(Data items)
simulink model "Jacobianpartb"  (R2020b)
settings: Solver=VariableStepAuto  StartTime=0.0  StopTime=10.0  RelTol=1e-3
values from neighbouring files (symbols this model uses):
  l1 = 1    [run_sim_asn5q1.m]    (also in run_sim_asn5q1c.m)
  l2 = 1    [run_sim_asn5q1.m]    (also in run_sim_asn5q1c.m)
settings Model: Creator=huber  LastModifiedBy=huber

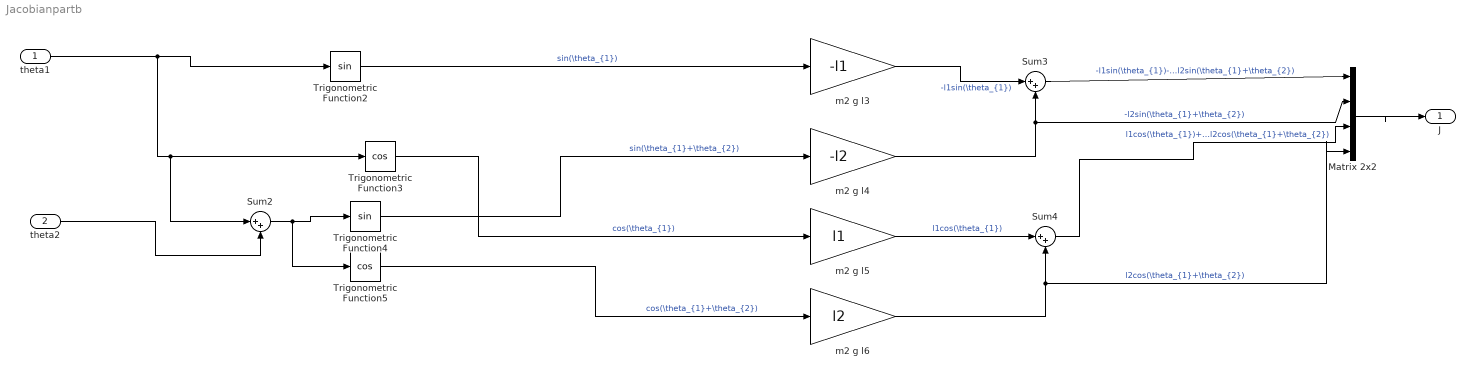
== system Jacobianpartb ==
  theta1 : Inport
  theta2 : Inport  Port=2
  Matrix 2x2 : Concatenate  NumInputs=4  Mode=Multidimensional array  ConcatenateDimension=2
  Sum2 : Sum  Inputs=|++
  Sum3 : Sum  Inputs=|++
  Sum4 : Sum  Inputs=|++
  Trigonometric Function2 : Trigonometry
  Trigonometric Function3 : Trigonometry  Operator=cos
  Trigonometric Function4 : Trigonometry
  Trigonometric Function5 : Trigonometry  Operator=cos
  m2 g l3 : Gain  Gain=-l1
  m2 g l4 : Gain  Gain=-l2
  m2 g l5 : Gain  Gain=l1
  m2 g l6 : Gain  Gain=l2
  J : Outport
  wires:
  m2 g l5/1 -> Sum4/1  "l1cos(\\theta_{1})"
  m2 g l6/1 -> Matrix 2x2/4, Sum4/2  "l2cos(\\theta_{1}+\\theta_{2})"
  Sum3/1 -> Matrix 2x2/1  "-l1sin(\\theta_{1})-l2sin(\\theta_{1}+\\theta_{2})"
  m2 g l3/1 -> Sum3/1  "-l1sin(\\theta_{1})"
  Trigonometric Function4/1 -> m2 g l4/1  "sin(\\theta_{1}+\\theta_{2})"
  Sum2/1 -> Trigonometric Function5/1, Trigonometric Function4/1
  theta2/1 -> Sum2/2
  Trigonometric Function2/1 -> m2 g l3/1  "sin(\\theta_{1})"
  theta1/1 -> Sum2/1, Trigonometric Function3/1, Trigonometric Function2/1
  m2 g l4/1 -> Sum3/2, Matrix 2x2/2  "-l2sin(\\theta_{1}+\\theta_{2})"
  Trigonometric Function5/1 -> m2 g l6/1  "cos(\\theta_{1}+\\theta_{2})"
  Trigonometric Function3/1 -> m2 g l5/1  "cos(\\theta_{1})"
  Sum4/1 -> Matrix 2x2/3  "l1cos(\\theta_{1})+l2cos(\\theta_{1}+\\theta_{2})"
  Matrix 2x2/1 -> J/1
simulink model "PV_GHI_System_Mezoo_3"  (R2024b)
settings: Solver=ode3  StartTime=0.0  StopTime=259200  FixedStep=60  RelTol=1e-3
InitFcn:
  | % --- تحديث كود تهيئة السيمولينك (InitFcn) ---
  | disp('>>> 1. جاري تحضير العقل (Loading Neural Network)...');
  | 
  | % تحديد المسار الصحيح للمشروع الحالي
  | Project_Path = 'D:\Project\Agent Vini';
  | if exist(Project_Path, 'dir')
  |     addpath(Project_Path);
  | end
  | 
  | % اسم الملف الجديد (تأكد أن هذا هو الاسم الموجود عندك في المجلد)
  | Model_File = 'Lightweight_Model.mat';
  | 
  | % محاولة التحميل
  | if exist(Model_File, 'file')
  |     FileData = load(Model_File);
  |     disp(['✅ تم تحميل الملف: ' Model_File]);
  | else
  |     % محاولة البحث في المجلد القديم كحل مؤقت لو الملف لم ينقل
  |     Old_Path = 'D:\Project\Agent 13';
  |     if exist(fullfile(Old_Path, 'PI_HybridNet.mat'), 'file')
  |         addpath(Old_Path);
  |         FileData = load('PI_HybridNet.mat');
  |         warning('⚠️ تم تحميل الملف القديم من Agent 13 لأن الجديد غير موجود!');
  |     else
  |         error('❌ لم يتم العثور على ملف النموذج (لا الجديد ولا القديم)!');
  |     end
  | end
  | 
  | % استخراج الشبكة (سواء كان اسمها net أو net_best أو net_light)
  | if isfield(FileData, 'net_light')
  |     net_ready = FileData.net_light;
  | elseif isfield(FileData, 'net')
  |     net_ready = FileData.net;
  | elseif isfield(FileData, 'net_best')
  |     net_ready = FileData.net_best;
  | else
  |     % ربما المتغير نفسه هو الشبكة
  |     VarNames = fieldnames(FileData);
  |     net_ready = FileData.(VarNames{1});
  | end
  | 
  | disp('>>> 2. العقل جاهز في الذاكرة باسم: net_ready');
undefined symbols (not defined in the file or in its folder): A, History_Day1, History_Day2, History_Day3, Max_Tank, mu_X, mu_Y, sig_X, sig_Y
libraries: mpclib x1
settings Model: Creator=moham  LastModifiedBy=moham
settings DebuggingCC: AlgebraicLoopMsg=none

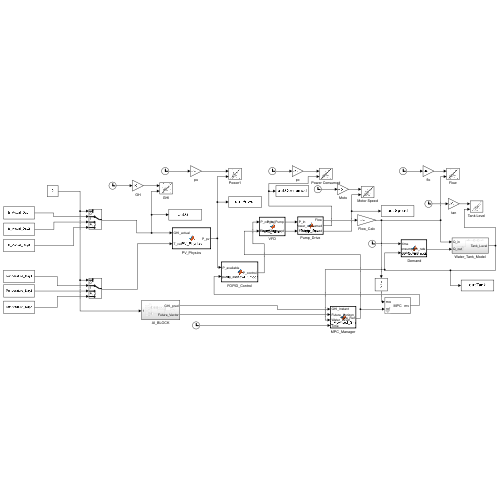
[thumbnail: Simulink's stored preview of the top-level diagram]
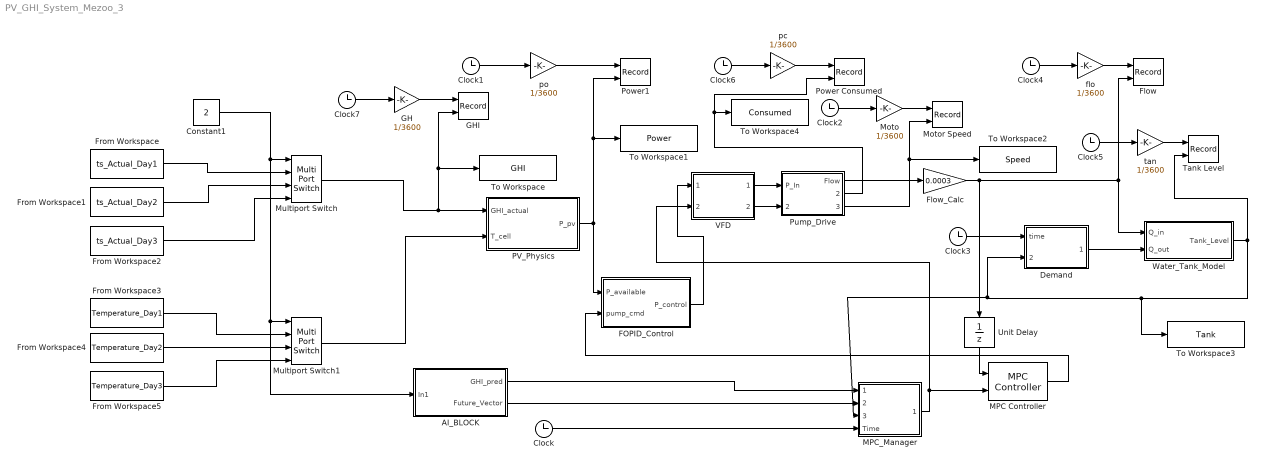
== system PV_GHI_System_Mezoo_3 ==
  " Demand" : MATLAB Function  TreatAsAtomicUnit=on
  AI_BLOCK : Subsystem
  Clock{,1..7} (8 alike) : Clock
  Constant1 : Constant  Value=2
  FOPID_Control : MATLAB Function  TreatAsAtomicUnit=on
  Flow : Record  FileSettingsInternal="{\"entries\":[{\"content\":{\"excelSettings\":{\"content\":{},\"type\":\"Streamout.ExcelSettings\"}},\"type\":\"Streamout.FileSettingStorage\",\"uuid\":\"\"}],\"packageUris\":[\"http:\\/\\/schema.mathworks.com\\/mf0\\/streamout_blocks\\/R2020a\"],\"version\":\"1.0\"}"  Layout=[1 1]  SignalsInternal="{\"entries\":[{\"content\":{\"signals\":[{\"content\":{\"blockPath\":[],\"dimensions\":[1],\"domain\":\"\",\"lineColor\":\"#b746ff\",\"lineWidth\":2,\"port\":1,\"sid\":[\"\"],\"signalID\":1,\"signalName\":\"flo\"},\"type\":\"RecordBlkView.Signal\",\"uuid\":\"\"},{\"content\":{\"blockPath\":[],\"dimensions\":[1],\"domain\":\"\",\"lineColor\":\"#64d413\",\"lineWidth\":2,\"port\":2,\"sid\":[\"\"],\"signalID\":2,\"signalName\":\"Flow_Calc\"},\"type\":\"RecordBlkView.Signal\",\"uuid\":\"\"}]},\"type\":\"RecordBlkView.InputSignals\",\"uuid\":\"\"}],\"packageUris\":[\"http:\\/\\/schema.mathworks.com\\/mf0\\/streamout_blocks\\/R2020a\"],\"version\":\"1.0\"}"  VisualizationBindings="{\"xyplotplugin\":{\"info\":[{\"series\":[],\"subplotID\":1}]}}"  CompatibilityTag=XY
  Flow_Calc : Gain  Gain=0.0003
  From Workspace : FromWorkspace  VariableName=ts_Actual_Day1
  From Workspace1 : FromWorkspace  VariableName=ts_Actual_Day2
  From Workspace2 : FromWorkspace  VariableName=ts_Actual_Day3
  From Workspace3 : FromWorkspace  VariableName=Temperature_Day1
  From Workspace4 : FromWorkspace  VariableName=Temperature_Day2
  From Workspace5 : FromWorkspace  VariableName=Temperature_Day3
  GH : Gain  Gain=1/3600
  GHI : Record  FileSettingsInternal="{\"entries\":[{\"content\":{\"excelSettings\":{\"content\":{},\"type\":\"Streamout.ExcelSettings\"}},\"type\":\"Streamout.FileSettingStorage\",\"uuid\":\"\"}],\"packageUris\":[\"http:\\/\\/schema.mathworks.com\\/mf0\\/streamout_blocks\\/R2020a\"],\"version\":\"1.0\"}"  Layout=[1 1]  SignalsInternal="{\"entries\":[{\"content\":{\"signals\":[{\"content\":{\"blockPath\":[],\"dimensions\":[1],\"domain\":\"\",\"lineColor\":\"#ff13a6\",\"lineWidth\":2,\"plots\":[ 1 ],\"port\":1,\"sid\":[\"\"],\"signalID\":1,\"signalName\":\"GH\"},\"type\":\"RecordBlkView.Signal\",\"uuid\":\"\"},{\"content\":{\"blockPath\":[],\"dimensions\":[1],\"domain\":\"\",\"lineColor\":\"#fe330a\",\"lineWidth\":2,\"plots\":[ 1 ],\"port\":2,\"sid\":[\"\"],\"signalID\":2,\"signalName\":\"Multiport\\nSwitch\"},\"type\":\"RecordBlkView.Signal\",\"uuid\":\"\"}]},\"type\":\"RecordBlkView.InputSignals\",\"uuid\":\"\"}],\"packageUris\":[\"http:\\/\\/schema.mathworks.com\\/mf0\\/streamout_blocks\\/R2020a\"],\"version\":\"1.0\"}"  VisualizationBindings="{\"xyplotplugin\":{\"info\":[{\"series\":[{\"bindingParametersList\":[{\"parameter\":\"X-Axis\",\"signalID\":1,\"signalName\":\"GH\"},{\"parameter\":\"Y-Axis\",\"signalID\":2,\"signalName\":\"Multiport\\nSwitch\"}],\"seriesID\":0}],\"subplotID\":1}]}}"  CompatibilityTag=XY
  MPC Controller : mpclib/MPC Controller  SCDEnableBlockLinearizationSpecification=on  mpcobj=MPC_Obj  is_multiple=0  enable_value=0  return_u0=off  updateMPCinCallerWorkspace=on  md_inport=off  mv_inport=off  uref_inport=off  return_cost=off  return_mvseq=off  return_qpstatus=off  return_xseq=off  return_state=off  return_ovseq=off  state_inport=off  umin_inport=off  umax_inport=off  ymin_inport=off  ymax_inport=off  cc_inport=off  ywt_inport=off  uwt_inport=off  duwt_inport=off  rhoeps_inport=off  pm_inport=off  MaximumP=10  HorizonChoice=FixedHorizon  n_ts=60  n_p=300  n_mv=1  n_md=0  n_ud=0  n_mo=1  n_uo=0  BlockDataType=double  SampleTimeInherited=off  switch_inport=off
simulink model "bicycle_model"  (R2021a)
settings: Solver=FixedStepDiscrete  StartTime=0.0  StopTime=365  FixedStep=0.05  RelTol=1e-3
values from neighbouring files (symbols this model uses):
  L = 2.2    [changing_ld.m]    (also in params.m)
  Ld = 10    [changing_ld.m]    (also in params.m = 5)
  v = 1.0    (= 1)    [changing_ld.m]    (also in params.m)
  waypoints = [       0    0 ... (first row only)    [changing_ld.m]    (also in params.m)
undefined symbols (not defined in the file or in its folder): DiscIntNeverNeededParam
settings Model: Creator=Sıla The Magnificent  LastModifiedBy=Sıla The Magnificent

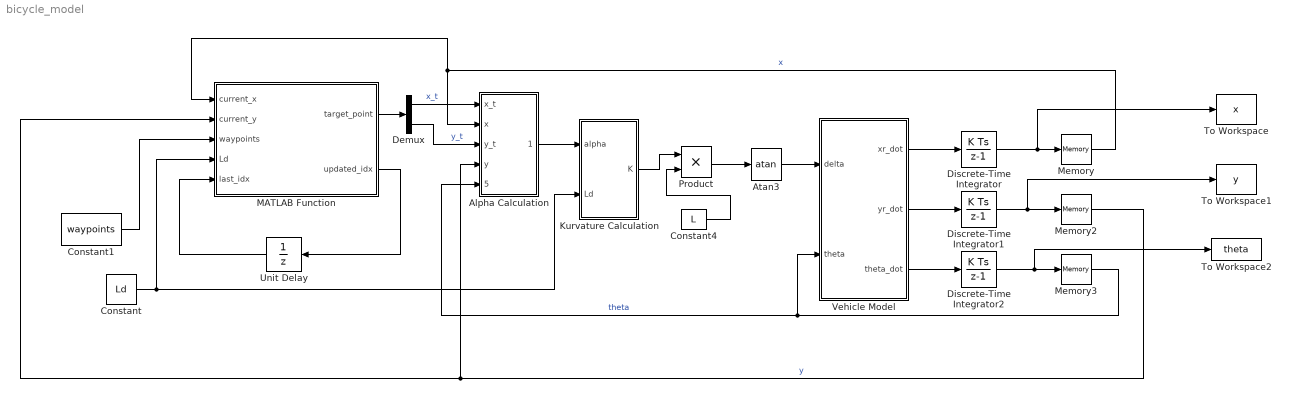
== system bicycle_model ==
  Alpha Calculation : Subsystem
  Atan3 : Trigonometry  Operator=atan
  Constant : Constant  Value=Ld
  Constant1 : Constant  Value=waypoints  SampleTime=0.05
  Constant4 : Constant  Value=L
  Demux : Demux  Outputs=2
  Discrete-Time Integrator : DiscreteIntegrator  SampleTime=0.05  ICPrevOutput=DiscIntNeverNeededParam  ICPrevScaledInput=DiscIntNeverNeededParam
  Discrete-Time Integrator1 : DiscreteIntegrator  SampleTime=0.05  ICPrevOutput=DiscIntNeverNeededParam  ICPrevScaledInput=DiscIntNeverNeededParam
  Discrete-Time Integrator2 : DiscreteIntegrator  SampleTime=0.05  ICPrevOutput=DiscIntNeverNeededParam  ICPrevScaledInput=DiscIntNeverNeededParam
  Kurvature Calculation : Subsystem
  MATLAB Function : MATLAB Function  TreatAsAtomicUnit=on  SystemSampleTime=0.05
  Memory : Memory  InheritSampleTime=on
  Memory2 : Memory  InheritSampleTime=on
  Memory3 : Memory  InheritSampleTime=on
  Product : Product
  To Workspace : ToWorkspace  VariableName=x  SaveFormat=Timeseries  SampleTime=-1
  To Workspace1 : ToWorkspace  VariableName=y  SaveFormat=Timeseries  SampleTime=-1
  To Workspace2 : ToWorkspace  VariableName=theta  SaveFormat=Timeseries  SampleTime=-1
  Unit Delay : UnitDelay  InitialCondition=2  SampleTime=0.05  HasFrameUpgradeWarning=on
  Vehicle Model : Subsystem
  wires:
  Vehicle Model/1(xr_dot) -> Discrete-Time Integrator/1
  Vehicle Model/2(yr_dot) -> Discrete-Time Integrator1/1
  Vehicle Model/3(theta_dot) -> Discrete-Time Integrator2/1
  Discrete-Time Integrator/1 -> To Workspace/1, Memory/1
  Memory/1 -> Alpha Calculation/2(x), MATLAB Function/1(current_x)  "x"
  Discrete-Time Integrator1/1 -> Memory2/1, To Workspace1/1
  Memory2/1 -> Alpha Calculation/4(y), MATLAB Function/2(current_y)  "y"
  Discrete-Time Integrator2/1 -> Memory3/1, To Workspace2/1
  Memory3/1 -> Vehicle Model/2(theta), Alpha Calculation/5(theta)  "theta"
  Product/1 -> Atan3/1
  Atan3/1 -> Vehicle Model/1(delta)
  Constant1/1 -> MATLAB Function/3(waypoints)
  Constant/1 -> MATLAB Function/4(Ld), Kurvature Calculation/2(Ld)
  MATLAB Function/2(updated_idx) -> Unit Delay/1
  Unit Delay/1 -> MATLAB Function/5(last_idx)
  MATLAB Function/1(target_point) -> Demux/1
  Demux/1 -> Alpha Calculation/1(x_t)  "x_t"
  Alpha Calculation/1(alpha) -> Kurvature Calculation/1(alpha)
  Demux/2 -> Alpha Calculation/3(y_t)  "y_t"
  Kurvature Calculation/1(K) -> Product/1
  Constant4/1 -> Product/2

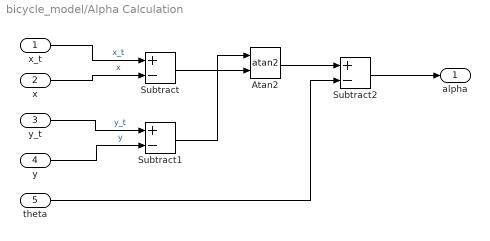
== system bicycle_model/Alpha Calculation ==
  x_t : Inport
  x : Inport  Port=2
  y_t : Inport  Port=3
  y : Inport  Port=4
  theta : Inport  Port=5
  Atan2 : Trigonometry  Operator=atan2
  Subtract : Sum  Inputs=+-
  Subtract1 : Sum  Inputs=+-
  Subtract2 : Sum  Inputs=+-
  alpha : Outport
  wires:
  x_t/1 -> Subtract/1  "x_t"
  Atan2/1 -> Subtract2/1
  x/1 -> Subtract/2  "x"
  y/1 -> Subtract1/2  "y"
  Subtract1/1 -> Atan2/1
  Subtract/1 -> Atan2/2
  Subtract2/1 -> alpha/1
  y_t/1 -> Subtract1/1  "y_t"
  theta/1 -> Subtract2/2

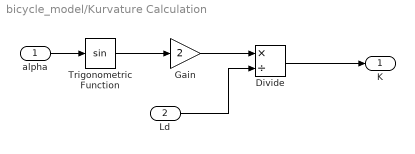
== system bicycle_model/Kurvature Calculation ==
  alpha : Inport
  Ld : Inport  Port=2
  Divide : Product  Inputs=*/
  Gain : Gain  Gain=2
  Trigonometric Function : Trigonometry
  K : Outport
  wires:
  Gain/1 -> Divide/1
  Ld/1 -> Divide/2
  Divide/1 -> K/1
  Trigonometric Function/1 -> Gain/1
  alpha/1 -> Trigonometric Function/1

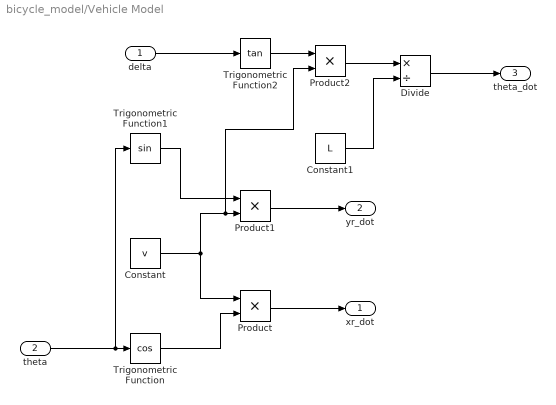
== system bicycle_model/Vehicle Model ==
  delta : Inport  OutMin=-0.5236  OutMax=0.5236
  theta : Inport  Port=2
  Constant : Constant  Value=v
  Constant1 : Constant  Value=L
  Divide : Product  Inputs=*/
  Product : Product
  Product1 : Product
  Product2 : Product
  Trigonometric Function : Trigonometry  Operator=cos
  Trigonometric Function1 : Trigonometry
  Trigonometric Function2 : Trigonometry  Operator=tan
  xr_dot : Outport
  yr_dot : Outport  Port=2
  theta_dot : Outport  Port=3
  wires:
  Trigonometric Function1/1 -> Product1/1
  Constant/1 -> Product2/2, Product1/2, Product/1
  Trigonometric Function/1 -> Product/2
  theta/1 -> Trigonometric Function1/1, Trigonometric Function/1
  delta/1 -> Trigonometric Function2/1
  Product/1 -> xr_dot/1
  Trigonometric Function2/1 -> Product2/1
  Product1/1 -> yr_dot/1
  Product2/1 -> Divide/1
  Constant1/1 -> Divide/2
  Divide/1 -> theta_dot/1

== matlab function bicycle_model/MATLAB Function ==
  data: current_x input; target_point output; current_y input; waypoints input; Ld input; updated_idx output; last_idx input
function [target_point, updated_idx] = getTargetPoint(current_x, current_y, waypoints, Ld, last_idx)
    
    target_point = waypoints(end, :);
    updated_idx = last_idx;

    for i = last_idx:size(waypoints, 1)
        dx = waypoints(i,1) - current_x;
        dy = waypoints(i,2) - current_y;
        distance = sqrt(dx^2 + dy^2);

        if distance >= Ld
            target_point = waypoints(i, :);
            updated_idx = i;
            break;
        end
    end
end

■ Exercise description ■
From the entries above, copy exactly the lines starting at the one with "mu_Y, sig_X, sig_Y" and stopping at the one with "FOPID_Control : MATLAB", keeping both ends. Drop the pictures.

■ Answer section ■
undefined symbols (not defined in the file or in its folder): A, History_Day1, History_Day2, History_Day3, Max_Tank, mu_X, mu_Y, sig_X, sig_Y
libraries: mpclib x1
settings Model: Creator=moham  LastModifiedBy=moham
settings DebuggingCC: AlgebraicLoopMsg=none

[thumbnail: Simulink's stored preview of the top-level diagram]
== system PV_GHI_System_Mezoo_3 ==
  " Demand" : MATLAB Function  TreatAsAtomicUnit=on
  AI_BLOCK : Subsystem
  Clock{,1..7} (8 alike) : Clock
  Constant1 : Constant  Value=2
  FOPID_Control : MATLAB Function  TreatAsAtomicUnit=on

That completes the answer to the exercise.